Make sure to update the FROM statement to pull the data from the correct project/dataset/table combination.

SELECT
  timestamp,
  eventName,
  eventTimestamp,
  (SELECT REGEXP_EXTRACT(tagString, "&tag\\d+id=([^&]+)")) as tagId,
  (SELECT REGEXP_EXTRACT(tagString, "&tag\\d+nm=([^&]+)")) as tagName,
  (SELECT REGEXP_EXTRACT(tagString, "&tag\\d+st=([^&]+)")) as tagStatus,
  (SELECT REGEXP_EXTRACT(tagString, "&tag\\d+et=([^&]+)")) as tagExecutionTime
FROM (
  SELECT
    timestamp,
    eventName,
    eventTimestamp,
    tagStringUnnest as tagString,
    pt
  FROM (
    SELECT 
      timestamp,
      (SELECT REGEXP_EXTRACT(URI, "eventName=([^&]+)")) as eventName,
      (SELECT REGEXP_EXTRACT(URI, "eventTimestamp=([^&]+)")) as eventTimestamp,
      (SELECT REGEXP_EXTRACT_ALL(URI, "&tag\\d+id=[^&]+&tag\\d+nm=[^&]+&tag\\d+st=[^&]+&tag\\d+et=[^&]+")) as tagStringRegex,
      DATE(_PARTITIONTIME) as pt
    FROM
      `your-project.gtm_monitoring.raw_data`
  )
  LEFT JOIN UNNEST(tagStringRegex) as tagStringUnnest
)

Once you have the SQL you want running in the BigQuery Web UI, select Save View to save the query as a table that will be used day-to-day.

Here’s what the data looks like when parsed into the view.

Step 4: Visualize the data

For most use cases, having the data in a BigQuery view is already more than enough. That’s the data set you can query for anomaly detection, or plug into a pipeline for automated alerts.

Nevertheless, we can see how useful a proper visualization of the data could potentially be. For this purpose, Google’s Data Studio is an excellent project for quickly delivering useful visualizations. Best of all, it already has a built-in BigQuery connector for querying your BQ data with.
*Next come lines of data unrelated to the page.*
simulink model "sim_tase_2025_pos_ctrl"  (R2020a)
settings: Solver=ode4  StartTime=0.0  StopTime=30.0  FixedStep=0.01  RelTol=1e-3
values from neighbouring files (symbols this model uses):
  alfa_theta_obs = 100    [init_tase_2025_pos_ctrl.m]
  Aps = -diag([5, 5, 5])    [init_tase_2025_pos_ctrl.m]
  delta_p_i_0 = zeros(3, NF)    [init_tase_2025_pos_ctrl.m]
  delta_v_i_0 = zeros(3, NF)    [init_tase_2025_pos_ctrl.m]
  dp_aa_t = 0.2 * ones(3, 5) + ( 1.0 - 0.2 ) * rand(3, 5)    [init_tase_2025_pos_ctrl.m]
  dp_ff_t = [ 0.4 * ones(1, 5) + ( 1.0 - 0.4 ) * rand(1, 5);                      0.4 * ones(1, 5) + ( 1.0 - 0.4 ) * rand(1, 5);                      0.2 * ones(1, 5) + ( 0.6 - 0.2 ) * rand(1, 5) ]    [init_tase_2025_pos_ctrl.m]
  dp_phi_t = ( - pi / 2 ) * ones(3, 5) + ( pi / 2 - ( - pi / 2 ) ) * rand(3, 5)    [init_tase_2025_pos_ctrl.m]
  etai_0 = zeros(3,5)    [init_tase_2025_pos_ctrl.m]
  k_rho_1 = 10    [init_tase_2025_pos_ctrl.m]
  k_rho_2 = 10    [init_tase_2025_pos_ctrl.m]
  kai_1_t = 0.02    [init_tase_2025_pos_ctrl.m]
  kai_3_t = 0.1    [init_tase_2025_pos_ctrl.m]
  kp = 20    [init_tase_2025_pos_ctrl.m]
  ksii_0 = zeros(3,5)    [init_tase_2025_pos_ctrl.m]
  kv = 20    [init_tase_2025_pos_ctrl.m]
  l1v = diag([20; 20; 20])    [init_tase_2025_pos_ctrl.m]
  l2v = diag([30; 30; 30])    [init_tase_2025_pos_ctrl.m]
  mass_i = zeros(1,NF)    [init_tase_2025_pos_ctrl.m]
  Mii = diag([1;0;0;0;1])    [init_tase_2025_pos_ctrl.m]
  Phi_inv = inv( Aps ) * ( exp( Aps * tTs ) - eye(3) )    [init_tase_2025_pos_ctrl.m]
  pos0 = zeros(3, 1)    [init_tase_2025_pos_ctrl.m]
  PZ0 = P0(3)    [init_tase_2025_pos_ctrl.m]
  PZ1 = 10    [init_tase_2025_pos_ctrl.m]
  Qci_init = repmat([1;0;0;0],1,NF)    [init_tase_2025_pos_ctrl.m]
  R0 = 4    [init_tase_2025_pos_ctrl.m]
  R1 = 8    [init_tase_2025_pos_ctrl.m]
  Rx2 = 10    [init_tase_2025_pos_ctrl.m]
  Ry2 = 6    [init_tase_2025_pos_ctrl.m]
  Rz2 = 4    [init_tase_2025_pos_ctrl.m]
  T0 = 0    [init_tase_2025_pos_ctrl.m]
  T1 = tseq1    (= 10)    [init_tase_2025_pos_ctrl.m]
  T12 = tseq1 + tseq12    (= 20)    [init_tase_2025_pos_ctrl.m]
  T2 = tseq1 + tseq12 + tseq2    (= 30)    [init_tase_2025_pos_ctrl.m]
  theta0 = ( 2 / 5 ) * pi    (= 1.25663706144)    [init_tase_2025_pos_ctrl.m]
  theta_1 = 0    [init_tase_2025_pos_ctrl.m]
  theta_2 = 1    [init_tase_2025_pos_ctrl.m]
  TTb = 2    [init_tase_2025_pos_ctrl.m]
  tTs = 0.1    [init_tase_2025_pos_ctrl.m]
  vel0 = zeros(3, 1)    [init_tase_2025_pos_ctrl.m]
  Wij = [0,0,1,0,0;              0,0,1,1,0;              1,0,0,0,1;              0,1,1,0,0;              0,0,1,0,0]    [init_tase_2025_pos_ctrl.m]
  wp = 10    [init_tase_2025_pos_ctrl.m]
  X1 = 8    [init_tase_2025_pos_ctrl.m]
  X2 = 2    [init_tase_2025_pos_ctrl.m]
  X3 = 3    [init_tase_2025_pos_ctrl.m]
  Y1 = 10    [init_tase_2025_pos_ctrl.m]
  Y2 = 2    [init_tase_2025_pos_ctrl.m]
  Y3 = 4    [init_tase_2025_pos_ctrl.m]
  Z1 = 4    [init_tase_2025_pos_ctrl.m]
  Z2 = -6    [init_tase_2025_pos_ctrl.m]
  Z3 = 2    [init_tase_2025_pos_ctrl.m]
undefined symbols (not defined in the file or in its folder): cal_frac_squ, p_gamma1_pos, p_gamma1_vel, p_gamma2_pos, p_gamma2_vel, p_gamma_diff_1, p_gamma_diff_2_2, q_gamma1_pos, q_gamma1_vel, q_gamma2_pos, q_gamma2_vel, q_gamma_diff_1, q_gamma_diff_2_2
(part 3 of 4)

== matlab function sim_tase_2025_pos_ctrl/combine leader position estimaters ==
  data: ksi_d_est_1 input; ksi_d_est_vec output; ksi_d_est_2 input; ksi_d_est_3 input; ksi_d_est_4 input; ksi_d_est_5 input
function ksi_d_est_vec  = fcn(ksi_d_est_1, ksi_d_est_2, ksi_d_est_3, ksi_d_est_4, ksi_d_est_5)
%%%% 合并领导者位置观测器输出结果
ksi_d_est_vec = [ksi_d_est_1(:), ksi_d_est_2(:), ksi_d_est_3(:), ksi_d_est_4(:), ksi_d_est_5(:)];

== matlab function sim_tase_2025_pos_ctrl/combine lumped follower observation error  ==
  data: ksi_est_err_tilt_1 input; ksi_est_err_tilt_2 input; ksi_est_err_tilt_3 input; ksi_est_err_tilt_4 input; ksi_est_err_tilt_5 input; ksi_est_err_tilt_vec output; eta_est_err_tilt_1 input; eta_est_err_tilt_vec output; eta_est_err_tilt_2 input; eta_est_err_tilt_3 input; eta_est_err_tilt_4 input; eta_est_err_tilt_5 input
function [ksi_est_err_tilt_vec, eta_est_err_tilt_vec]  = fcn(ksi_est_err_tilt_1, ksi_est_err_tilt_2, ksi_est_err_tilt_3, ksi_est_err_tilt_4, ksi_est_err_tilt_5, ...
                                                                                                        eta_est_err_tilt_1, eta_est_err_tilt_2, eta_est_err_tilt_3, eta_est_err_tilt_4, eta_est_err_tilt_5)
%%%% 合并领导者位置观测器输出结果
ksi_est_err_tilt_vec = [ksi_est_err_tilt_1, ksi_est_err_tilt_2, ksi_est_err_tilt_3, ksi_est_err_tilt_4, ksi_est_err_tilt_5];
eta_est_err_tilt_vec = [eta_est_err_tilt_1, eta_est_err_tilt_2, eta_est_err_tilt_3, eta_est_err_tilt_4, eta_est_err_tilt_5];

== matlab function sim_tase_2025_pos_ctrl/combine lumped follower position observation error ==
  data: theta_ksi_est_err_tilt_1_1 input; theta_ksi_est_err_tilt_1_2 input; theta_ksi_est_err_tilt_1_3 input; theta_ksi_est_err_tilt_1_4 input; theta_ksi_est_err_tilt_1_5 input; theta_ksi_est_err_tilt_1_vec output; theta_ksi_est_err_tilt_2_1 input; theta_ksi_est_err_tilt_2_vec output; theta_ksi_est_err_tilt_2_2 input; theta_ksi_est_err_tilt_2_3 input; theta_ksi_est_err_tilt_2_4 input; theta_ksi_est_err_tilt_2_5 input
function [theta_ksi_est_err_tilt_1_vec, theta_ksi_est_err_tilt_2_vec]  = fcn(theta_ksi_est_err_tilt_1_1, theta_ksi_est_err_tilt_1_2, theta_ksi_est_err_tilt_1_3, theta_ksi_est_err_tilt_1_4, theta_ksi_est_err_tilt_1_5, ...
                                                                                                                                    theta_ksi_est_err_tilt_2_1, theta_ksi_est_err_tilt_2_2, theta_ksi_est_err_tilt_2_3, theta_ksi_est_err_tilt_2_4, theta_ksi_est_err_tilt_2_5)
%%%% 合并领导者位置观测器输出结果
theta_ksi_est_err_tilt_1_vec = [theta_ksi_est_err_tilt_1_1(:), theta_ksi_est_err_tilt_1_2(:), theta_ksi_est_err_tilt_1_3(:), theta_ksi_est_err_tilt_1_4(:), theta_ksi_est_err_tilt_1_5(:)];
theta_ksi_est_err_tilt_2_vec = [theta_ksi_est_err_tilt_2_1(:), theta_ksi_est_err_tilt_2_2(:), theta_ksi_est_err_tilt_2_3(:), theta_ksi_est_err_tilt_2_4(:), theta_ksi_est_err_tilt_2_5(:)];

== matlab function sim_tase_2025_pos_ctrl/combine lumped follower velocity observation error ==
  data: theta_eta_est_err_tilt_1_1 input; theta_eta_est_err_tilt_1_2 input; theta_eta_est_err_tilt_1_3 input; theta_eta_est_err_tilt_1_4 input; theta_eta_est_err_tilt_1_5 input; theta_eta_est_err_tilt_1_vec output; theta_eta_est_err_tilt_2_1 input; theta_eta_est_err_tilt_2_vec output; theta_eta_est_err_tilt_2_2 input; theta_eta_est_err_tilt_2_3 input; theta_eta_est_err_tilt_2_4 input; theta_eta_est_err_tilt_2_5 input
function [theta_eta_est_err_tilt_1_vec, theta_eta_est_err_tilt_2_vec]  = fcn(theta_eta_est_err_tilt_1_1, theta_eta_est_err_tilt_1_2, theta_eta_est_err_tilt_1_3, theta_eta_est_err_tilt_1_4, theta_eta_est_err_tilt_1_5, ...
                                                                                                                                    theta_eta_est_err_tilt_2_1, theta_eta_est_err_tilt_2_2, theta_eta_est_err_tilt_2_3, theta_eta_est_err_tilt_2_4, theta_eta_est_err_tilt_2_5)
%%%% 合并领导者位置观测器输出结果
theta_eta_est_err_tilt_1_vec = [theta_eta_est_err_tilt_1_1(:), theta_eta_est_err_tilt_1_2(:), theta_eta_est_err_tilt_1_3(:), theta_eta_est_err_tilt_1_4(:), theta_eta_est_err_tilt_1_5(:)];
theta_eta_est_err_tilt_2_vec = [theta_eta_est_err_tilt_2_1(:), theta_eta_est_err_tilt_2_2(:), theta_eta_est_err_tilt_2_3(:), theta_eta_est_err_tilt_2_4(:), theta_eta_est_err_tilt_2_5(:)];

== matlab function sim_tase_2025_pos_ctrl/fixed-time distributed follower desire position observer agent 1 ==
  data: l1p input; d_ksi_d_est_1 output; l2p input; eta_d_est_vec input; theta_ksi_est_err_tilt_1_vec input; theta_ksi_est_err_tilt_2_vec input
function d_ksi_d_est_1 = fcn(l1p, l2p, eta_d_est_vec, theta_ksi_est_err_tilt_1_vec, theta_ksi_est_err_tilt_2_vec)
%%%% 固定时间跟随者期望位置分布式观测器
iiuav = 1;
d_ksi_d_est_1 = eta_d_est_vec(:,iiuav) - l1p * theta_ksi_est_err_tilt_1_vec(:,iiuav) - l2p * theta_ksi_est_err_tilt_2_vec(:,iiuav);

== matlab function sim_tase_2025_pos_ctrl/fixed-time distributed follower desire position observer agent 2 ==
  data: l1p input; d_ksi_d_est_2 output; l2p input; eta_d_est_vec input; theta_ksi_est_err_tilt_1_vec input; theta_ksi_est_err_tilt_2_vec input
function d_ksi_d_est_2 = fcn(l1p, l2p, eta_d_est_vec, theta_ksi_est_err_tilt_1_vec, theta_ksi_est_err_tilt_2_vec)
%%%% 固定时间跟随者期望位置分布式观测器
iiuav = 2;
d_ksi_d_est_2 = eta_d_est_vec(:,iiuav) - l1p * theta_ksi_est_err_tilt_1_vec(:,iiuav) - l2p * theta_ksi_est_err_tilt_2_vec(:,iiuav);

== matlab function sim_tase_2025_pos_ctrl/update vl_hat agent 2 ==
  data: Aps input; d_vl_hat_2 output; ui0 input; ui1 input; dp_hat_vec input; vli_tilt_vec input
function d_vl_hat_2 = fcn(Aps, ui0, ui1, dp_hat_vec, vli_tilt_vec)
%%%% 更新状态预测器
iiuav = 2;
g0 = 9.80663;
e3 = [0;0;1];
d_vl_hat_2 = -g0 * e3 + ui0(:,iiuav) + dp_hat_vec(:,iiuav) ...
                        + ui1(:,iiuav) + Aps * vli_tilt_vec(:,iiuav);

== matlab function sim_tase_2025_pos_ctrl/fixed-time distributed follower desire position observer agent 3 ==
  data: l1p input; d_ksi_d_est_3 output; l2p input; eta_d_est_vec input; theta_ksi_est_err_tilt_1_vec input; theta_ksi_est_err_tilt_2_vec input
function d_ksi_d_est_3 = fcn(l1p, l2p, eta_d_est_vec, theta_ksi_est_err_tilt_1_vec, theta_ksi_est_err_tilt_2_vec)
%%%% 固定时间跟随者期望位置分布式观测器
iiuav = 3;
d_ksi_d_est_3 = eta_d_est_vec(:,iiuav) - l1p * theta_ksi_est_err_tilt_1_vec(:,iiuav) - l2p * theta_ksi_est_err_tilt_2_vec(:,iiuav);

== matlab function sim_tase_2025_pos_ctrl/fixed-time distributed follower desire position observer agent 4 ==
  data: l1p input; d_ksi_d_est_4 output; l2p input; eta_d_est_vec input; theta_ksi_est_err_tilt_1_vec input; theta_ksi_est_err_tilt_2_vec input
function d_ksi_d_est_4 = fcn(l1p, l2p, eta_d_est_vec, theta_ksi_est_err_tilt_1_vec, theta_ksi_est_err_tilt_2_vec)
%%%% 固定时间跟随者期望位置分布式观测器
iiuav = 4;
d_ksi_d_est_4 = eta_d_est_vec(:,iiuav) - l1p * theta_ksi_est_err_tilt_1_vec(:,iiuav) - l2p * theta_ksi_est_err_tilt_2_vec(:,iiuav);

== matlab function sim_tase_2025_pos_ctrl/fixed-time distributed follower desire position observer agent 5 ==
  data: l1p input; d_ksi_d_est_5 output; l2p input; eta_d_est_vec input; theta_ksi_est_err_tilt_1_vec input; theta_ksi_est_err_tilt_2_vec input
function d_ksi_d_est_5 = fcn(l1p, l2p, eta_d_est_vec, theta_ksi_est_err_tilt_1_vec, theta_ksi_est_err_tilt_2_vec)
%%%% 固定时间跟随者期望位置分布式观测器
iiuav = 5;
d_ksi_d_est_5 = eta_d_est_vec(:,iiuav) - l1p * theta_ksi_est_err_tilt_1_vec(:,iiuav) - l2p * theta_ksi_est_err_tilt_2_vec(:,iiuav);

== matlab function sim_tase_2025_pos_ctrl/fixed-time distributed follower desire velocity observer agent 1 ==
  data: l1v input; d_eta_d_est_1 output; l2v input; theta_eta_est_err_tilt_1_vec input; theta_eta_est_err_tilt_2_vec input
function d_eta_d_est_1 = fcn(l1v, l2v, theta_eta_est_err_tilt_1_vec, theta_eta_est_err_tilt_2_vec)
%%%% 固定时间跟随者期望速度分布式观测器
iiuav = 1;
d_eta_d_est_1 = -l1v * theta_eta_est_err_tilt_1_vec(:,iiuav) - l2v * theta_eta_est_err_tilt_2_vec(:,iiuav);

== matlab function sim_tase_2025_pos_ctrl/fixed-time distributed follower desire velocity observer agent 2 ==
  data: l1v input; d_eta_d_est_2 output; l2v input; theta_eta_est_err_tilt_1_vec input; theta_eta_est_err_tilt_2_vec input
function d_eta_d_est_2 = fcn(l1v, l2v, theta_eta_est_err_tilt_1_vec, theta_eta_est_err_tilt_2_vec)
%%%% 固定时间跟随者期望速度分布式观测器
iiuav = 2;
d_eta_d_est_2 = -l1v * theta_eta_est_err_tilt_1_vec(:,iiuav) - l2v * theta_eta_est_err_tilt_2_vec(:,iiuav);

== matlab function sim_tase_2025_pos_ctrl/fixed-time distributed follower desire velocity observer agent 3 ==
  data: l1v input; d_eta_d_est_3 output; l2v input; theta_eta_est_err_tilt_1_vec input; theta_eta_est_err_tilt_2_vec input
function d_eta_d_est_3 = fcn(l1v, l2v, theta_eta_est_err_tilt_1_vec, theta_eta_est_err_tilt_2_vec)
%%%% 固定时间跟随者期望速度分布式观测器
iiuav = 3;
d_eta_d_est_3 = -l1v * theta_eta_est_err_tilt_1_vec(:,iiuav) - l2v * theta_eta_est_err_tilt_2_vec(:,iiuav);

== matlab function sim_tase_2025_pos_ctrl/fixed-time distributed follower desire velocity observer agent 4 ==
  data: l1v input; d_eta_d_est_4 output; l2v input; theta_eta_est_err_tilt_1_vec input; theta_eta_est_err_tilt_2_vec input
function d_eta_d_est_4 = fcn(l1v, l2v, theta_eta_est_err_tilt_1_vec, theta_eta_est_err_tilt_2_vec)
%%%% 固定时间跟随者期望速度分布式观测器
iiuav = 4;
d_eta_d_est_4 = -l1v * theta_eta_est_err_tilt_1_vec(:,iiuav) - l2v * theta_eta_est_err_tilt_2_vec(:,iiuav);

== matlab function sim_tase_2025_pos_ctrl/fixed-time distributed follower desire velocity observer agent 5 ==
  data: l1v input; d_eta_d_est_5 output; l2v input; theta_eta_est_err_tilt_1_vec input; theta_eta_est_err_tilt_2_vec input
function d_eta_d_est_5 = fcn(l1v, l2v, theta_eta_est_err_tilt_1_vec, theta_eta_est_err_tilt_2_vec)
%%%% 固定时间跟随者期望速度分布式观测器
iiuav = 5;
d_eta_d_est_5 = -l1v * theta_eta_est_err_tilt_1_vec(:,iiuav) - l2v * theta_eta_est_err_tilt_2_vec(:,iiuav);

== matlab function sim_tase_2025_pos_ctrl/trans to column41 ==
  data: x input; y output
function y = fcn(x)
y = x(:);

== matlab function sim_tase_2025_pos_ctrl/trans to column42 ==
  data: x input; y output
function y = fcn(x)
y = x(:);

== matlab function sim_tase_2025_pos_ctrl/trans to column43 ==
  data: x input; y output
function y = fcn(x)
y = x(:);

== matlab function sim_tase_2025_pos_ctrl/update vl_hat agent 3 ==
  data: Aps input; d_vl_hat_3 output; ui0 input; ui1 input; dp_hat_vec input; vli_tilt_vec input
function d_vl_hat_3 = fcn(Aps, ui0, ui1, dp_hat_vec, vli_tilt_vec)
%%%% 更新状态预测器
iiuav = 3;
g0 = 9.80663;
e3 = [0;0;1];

As a demo, we’ve created a starter dashboard for you to check out. Feel free to copy it and modify it to suit your own purposes.

Visit the dashboard here.

Summary

Maybe we haven’t said this enough yet, but this is a proof-of-concept. This article serves a number of purposes:

  • You’ll learn how to set up a pipeline of data collection from the website, via Google Tag Manager, to a data warehouse located in the Google Cloud.

  • You’ll learn about the new addEventCallback API in Google Tag Manager’s custom templates.

  • You’ll learn about the new Additional Tag Metadata field in GTM’s tags.

  • You’ll learn how to efficiently monitor the success rates and execution times of your Google Tag Manager tags.

We can only hope that others build much cooler and more useful solutions than this simple MVP. Some features we considered useful but not in the scope of this introductory article:

  1. Report that compares data from the respective end points with that of GTM’s monitor system to see if tags are firing but not sending the correct data.

  2. Utilize a pixel file stored in Google Cloud Storage, behind a load balancer, to achieve a zero-code setup with superior performance compared to a Cloud Function.

  3. Training a machine learning model on the data set to identify anomalies and automatically alert to them when detected.

Let us know in the comments what you think of this, and how you would improve it if you had the chance!

Final note from Simo: I am truly grateful to get the great Mark Edmondson to co-author this article and design the monitor solution with me. As the editor, I take full responsibility for any errors and mistakes in the final draft of the article.